(Collected data)
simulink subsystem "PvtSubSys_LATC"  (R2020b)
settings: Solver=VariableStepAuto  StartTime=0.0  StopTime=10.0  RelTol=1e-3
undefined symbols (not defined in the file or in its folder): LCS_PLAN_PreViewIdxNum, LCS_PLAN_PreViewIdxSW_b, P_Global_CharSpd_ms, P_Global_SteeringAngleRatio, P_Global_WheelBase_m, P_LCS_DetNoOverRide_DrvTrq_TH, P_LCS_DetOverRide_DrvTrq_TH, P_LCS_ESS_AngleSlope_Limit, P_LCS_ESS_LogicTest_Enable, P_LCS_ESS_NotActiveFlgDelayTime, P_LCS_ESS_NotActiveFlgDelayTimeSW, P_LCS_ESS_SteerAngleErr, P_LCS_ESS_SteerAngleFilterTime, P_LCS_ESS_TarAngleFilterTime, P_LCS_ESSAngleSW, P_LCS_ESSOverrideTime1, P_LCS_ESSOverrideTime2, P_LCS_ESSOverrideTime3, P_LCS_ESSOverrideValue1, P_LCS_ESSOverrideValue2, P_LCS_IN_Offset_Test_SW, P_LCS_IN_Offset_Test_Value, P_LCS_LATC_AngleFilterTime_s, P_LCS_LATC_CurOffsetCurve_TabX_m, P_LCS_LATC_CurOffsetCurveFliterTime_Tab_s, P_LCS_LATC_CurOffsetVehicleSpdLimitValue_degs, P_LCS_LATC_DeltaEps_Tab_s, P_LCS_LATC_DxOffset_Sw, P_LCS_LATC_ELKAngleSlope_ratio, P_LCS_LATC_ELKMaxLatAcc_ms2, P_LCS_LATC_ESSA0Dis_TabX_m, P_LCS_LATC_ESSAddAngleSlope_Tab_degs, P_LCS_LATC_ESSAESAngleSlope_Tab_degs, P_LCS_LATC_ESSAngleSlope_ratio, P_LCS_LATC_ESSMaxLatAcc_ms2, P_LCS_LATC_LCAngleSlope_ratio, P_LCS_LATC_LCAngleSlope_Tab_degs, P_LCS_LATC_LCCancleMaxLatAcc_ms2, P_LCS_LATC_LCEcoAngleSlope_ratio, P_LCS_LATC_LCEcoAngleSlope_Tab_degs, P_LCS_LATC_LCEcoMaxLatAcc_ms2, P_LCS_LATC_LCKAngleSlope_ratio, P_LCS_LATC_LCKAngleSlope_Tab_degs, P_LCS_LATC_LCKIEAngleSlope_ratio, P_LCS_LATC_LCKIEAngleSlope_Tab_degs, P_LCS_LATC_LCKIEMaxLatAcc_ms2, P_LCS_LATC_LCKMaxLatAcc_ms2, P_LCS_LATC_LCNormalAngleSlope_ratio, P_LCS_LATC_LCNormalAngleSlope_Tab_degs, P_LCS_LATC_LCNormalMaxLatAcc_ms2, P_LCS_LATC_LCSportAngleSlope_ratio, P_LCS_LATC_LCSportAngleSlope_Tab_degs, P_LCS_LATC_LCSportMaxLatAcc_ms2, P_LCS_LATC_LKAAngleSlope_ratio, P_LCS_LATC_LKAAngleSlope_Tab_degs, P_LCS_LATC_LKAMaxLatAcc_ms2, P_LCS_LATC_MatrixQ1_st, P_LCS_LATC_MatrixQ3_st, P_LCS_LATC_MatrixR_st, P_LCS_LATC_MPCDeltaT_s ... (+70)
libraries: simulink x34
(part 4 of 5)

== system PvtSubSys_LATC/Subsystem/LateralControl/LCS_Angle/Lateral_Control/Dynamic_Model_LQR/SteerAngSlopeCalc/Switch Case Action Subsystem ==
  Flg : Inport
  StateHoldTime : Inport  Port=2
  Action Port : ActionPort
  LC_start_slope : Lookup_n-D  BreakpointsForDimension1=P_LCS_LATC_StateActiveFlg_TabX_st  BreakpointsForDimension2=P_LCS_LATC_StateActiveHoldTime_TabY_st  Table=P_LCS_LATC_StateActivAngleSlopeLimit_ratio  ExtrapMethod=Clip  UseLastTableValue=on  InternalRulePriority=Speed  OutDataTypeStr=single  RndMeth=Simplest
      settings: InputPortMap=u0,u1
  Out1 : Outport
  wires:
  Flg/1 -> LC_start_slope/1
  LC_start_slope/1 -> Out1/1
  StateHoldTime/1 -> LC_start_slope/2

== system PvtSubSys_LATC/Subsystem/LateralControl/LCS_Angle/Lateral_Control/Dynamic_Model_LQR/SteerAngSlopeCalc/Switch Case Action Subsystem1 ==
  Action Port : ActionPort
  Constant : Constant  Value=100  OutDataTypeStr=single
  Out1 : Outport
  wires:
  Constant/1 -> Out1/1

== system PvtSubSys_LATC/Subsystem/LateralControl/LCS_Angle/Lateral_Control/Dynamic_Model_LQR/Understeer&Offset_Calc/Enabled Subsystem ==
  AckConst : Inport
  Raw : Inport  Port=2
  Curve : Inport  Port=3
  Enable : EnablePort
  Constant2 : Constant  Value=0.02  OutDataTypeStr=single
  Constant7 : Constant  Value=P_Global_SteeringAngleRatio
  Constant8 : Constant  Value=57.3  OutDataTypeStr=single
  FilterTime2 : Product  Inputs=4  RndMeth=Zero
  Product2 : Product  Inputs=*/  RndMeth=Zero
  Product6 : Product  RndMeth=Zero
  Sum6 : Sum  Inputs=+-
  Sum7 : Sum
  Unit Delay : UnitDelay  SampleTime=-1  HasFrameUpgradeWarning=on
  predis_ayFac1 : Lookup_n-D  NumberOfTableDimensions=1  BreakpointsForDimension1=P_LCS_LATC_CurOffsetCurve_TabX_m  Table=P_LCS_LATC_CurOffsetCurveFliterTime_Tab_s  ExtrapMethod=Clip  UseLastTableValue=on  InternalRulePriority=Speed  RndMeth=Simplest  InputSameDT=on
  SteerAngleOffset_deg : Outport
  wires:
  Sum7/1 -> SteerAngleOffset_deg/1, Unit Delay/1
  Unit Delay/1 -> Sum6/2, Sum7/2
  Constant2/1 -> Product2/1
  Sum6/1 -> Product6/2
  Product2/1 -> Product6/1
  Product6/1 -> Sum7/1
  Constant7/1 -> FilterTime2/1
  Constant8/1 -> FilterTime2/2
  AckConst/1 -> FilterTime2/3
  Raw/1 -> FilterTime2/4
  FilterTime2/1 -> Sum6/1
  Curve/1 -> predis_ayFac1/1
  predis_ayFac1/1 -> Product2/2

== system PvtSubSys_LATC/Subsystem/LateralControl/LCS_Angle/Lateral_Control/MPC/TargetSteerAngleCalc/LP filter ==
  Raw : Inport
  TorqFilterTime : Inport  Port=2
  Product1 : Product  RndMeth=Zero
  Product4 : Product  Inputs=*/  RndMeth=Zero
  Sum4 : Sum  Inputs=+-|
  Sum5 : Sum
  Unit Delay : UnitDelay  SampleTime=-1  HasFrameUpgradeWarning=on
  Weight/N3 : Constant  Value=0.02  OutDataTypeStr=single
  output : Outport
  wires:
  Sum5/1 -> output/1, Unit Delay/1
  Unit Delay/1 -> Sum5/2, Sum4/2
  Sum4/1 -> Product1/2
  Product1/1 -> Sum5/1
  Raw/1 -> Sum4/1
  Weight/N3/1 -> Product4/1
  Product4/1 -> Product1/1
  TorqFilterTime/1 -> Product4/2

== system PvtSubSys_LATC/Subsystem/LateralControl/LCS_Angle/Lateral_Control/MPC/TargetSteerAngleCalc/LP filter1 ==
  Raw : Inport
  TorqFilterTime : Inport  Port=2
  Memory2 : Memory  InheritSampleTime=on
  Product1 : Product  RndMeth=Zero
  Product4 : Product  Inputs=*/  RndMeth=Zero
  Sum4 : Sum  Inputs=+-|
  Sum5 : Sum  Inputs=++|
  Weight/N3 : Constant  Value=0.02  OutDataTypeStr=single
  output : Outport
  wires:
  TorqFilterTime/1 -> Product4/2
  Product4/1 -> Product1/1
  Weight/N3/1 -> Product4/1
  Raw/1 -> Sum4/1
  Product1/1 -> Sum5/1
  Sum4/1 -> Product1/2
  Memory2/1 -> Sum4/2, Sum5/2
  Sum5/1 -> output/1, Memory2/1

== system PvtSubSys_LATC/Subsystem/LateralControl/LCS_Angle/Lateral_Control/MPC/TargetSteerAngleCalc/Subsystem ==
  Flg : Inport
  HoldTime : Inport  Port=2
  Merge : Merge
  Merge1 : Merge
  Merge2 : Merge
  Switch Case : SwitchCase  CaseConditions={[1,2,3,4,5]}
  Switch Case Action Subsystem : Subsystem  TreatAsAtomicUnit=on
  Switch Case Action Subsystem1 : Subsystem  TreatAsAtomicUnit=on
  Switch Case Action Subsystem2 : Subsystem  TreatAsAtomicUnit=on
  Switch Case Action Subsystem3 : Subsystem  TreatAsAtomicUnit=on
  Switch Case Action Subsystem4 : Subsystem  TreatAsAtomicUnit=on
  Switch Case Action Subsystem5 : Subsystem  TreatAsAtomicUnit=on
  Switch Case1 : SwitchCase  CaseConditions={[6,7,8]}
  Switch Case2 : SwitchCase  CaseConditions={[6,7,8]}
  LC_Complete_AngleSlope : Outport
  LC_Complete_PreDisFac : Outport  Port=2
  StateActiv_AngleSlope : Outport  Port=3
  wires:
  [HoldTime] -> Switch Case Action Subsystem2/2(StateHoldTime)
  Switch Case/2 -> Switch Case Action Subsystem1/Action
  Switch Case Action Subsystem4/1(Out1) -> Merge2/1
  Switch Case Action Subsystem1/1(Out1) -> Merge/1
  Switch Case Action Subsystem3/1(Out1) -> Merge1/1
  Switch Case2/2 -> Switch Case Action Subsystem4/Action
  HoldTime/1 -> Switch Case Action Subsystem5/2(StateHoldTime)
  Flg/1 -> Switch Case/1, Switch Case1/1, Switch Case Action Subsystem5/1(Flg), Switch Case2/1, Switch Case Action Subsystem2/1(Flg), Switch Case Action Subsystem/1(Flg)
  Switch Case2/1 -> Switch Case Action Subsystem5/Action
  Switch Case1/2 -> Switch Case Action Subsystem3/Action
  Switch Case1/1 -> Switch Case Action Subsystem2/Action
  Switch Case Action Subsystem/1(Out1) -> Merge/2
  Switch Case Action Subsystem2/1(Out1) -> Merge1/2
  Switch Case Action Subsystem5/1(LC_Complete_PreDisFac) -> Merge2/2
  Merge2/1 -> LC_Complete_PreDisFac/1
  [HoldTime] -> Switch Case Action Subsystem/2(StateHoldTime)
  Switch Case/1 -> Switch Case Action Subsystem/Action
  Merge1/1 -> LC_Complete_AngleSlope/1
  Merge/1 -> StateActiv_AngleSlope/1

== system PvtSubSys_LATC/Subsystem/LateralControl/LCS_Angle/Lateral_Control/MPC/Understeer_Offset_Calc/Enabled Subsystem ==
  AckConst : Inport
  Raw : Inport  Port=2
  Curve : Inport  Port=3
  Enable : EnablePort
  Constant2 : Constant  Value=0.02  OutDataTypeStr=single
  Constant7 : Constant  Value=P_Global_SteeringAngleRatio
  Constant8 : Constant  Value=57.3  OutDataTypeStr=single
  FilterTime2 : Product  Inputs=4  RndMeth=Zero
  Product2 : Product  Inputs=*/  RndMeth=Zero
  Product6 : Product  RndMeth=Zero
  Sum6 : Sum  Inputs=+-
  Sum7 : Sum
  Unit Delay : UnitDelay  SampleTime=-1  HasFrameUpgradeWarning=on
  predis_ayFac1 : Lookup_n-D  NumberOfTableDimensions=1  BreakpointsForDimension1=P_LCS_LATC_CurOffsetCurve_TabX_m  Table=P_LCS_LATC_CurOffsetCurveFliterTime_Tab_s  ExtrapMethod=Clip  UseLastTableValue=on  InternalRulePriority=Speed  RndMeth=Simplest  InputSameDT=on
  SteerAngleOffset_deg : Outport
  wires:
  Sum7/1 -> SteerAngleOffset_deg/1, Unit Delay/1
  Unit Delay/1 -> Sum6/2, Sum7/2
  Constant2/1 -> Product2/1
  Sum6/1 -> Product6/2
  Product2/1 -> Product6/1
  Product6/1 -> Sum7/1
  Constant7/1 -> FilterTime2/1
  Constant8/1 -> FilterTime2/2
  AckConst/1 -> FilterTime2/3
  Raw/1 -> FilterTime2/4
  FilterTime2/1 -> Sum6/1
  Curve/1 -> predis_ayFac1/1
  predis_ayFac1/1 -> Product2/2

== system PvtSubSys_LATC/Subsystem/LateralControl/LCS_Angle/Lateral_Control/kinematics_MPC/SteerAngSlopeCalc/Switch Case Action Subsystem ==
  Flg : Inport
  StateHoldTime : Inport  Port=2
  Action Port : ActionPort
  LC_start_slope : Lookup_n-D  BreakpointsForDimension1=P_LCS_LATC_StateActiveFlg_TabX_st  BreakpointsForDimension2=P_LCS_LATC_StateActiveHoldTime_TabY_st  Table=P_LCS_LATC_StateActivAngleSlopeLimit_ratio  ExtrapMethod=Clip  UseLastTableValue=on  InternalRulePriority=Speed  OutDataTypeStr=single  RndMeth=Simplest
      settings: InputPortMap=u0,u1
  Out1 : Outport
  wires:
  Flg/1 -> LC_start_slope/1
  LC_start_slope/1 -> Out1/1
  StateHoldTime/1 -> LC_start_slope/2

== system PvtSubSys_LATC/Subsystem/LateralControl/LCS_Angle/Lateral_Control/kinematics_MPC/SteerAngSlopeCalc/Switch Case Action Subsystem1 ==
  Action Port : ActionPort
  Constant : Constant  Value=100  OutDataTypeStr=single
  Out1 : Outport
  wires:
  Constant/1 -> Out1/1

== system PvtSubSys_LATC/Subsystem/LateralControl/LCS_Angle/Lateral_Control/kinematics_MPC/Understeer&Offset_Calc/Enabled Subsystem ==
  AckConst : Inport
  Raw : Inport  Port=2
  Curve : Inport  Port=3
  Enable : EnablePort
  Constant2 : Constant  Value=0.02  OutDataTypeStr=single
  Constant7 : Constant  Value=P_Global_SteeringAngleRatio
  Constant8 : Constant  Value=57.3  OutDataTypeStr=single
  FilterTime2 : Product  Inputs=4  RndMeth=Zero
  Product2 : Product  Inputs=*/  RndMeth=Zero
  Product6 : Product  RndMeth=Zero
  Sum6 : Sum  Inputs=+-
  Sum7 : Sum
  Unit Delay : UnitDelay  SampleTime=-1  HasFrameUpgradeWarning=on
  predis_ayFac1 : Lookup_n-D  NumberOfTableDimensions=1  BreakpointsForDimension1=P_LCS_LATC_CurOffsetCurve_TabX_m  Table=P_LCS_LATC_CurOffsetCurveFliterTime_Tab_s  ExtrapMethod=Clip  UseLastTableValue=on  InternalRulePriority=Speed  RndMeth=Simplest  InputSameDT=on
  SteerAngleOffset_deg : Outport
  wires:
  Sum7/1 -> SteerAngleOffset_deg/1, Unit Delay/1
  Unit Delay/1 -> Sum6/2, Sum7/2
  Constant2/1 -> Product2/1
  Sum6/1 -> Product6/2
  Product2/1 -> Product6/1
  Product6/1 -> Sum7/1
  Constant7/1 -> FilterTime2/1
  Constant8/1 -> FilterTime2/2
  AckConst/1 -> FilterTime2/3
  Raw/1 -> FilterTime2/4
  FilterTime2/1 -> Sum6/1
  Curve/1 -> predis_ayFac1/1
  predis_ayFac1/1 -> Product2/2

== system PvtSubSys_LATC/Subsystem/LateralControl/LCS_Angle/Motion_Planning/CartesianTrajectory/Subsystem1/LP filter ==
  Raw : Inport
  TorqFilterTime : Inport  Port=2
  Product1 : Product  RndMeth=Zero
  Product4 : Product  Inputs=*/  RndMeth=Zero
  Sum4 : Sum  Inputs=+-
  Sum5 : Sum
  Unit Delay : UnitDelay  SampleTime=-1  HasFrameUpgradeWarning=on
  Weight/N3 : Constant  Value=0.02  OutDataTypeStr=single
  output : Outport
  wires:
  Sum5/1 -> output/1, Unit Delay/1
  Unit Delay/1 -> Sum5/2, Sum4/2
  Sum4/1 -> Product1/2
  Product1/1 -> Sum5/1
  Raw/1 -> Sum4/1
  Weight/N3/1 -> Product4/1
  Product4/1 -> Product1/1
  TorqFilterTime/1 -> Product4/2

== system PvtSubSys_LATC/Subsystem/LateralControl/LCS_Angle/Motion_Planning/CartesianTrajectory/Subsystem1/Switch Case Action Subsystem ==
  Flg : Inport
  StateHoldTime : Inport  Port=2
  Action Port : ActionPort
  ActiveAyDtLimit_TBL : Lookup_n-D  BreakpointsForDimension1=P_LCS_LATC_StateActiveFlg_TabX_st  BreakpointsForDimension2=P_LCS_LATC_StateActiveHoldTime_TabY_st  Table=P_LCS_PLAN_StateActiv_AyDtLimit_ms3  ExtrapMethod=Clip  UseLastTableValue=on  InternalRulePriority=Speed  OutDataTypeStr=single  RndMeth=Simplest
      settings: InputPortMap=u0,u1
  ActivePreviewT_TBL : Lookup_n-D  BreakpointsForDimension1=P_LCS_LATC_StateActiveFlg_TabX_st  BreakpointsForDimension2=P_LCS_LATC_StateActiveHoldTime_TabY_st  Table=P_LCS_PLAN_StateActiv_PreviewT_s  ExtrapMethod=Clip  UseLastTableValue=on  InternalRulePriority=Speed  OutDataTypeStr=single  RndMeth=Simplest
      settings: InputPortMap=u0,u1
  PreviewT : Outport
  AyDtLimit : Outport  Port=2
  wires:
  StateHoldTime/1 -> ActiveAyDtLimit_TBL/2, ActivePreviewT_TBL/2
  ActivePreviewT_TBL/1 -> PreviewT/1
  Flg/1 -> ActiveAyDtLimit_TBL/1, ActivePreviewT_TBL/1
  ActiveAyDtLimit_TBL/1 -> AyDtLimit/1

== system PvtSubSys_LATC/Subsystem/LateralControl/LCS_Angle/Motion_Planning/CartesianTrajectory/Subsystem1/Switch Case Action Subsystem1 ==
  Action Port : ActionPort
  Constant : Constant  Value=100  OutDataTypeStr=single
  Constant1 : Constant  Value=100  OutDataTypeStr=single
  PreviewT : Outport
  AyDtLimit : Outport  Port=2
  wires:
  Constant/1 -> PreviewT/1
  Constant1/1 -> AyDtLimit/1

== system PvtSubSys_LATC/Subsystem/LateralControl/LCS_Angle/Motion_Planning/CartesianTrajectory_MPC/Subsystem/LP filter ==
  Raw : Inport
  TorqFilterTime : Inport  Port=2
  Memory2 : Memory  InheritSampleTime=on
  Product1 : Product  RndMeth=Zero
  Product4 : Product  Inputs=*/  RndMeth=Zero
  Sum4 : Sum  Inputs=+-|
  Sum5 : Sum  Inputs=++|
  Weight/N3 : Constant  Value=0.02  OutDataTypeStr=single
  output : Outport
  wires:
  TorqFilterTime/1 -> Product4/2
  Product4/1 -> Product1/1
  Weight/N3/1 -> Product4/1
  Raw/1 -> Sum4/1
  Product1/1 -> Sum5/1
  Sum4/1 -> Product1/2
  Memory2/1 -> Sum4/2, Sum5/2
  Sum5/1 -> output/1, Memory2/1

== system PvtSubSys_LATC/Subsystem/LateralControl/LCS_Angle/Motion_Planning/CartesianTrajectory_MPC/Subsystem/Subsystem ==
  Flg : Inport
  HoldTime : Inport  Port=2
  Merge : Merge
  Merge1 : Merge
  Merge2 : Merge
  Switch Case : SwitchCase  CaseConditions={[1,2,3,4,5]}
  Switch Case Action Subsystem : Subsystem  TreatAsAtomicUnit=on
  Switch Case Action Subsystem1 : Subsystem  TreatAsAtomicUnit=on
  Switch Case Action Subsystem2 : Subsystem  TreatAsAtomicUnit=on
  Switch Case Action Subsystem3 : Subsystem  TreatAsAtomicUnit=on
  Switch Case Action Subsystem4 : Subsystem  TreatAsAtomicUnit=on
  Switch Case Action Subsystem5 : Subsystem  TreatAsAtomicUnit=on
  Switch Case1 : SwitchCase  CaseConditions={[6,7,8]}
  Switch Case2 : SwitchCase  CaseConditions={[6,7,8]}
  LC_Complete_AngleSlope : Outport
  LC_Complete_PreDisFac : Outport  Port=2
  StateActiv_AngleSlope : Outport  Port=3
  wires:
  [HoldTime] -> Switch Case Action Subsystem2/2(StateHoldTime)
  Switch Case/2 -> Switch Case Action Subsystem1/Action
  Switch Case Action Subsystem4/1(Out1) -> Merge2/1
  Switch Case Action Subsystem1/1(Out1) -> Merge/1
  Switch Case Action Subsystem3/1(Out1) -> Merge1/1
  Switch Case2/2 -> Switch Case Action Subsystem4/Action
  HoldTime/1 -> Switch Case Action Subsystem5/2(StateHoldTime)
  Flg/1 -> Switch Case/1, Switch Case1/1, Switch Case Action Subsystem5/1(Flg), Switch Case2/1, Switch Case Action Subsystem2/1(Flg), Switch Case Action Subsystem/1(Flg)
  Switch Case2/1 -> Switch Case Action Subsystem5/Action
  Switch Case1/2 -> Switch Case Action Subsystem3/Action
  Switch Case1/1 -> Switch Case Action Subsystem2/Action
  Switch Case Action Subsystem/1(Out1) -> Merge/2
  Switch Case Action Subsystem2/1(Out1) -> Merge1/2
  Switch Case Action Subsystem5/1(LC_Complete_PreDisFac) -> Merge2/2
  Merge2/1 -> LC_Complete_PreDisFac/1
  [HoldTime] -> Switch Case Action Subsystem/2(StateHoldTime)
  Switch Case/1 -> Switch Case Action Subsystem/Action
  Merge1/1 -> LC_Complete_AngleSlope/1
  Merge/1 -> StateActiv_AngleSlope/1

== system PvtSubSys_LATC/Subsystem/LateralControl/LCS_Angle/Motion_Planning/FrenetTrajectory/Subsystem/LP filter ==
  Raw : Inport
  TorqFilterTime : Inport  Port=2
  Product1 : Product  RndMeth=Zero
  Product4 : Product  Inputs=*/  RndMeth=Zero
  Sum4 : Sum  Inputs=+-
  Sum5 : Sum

**AIM OF THE TASK:** Please return only the lines above, starting at the line that has "ActivePreviewT_TBL : Lookup_n-D" and ending at the line that has "ActivePreviewT_TBL/1 -> PreviewT/1", keeping both and leaving each one unchanged.

**RESULT OF THE EXERCISE:**
  ActivePreviewT_TBL : Lookup_n-D  BreakpointsForDimension1=P_LCS_LATC_StateActiveFlg_TabX_st  BreakpointsForDimension2=P_LCS_LATC_StateActiveHoldTime_TabY_st  Table=P_LCS_PLAN_StateActiv_PreviewT_s  ExtrapMethod=Clip  UseLastTableValue=on  InternalRulePriority=Speed  OutDataTypeStr=single  RndMeth=Simplest
      settings: InputPortMap=u0,u1
  PreviewT : Outport
  AyDtLimit : Outport  Port=2
  wires:
  StateHoldTime/1 -> ActiveAyDtLimit_TBL/2, ActivePreviewT_TBL/2
  ActivePreviewT_TBL/1 -> PreviewT/1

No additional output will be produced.